* Work required: Return exactly and only these lines: the first of the listing through the one containing "Commit message: worked".

* Entries supplied:

::::::

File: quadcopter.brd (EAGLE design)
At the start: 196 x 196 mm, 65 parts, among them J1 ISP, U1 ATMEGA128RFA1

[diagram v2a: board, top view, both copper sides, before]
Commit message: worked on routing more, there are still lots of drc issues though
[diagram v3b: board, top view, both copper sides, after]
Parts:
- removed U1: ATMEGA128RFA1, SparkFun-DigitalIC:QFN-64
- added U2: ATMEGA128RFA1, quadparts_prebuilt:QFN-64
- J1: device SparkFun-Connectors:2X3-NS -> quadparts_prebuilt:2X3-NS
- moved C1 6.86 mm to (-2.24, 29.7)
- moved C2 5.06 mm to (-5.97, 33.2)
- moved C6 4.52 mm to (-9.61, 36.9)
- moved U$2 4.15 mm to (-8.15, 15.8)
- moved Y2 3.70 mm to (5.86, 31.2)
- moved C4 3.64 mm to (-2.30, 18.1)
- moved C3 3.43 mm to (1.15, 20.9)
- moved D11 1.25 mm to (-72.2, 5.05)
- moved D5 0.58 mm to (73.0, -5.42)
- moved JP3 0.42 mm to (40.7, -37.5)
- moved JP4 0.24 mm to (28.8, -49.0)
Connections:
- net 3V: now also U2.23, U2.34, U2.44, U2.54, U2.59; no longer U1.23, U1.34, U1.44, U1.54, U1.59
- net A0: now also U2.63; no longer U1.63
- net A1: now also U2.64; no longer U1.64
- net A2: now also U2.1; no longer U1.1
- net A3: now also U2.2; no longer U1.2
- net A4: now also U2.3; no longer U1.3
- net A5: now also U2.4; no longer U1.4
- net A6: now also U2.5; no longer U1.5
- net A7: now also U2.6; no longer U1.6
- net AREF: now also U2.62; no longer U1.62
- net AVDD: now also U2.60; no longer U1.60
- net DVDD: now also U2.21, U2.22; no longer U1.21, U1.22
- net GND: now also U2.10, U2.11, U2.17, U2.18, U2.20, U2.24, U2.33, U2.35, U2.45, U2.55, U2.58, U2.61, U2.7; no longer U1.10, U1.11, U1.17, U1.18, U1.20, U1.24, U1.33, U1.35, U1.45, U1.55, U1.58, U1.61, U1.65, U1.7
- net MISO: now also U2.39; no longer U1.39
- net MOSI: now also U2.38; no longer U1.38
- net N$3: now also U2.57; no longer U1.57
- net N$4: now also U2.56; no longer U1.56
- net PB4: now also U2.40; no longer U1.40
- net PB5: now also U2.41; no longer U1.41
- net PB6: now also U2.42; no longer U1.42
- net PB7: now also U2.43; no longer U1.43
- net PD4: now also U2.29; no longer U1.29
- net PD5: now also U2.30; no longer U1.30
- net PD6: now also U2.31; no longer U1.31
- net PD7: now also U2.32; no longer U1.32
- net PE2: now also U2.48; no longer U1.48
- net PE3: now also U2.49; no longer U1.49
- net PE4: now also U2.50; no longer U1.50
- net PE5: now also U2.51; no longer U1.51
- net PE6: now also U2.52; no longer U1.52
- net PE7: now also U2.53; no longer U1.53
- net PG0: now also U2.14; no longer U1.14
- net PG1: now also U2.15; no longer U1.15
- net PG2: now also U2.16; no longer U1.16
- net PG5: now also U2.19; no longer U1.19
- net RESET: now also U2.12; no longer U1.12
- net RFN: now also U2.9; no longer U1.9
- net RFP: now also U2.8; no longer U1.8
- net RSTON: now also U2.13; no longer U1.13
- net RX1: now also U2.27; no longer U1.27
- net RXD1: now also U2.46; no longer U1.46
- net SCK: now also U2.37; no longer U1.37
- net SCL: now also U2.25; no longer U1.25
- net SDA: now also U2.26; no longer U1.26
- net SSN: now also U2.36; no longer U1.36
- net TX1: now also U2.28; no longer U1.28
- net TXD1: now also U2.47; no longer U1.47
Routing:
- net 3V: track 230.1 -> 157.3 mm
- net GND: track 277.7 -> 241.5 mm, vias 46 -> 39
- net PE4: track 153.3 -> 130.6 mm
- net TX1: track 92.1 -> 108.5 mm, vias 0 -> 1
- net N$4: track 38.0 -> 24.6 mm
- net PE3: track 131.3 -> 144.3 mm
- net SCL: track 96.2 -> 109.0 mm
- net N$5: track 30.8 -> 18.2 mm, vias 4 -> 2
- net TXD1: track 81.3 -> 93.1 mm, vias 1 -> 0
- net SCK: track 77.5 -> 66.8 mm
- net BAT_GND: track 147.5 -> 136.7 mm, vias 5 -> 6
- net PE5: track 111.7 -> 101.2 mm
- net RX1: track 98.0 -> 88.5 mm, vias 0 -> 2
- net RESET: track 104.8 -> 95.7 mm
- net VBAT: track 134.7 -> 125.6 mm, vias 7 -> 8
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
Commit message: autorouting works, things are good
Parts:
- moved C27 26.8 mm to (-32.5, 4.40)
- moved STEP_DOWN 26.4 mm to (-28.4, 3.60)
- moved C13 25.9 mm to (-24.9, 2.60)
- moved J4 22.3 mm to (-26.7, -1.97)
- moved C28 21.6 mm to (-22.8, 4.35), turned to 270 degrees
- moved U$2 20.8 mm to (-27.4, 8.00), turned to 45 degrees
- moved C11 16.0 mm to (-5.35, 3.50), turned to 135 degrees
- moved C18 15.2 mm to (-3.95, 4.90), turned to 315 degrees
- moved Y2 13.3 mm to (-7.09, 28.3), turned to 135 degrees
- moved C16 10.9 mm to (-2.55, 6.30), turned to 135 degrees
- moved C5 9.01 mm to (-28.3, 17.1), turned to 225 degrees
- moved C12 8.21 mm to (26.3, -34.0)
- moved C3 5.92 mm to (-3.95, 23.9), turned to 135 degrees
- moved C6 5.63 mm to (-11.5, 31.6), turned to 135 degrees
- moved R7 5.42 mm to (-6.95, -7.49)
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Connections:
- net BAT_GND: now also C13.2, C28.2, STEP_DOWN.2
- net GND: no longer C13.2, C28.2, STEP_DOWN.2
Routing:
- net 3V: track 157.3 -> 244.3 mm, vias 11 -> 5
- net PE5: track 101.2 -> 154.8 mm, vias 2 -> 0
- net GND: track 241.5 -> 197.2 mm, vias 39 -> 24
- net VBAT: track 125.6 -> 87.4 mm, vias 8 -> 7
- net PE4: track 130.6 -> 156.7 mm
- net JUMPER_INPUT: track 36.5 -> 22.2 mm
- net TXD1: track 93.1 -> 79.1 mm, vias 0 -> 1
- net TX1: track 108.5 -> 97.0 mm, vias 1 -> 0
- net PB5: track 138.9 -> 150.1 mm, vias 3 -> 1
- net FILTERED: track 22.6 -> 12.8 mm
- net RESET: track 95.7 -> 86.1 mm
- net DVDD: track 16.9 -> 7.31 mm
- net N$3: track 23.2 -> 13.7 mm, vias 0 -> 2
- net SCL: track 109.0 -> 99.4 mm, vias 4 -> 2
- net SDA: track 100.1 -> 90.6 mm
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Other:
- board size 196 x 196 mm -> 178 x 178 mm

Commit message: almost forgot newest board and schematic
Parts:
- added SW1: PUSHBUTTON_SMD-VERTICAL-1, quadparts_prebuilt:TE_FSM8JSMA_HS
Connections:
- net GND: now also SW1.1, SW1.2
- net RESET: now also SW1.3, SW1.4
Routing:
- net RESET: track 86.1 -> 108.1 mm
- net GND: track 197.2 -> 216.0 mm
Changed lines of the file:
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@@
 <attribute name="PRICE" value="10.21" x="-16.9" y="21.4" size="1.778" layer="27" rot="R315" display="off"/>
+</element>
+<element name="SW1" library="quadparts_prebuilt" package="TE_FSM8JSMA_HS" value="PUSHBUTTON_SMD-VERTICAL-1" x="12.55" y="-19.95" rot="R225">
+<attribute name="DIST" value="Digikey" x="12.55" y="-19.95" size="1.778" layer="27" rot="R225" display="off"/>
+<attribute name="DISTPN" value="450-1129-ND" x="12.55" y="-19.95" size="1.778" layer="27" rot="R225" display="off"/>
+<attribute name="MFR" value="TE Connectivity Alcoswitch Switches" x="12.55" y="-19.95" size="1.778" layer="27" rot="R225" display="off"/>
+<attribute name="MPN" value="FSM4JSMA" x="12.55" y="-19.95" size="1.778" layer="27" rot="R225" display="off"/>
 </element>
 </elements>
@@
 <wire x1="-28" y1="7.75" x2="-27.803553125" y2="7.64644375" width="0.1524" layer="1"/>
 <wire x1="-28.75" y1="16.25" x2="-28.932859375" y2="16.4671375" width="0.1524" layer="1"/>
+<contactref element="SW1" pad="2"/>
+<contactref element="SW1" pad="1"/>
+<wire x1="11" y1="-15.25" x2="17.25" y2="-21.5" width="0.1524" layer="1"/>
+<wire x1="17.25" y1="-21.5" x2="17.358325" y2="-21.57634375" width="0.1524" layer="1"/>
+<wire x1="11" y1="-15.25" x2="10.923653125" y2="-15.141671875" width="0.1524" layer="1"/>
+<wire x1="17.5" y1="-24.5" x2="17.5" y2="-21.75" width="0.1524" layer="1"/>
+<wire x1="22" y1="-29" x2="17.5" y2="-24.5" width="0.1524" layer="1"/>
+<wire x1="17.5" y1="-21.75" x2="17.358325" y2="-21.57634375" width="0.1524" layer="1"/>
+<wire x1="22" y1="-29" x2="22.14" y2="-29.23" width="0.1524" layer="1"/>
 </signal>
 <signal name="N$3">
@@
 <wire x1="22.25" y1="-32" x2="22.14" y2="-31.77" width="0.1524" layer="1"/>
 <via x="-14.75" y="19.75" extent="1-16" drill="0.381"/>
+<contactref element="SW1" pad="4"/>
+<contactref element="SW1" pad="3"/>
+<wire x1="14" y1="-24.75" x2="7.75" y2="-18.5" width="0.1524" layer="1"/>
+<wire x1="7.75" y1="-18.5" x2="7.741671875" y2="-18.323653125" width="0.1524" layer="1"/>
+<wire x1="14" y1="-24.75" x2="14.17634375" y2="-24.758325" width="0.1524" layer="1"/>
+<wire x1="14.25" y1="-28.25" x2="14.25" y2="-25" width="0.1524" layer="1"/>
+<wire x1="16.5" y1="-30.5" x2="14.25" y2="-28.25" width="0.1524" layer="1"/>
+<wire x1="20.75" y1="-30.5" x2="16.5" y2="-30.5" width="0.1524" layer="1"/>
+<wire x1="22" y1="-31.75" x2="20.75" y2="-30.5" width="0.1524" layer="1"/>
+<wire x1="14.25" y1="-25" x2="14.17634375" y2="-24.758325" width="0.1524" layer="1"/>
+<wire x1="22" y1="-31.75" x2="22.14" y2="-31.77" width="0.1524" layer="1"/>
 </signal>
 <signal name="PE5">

::::::

* Output for this task:
File: quadcopter.brd (EAGLE design)
At the start: 196 x 196 mm, 65 parts, among them J1 ISP, U1 ATMEGA128RFA1

[diagram v2a: board, top view, both copper sides, before]
Commit message: worked on routing more, there are still lots of drc issues though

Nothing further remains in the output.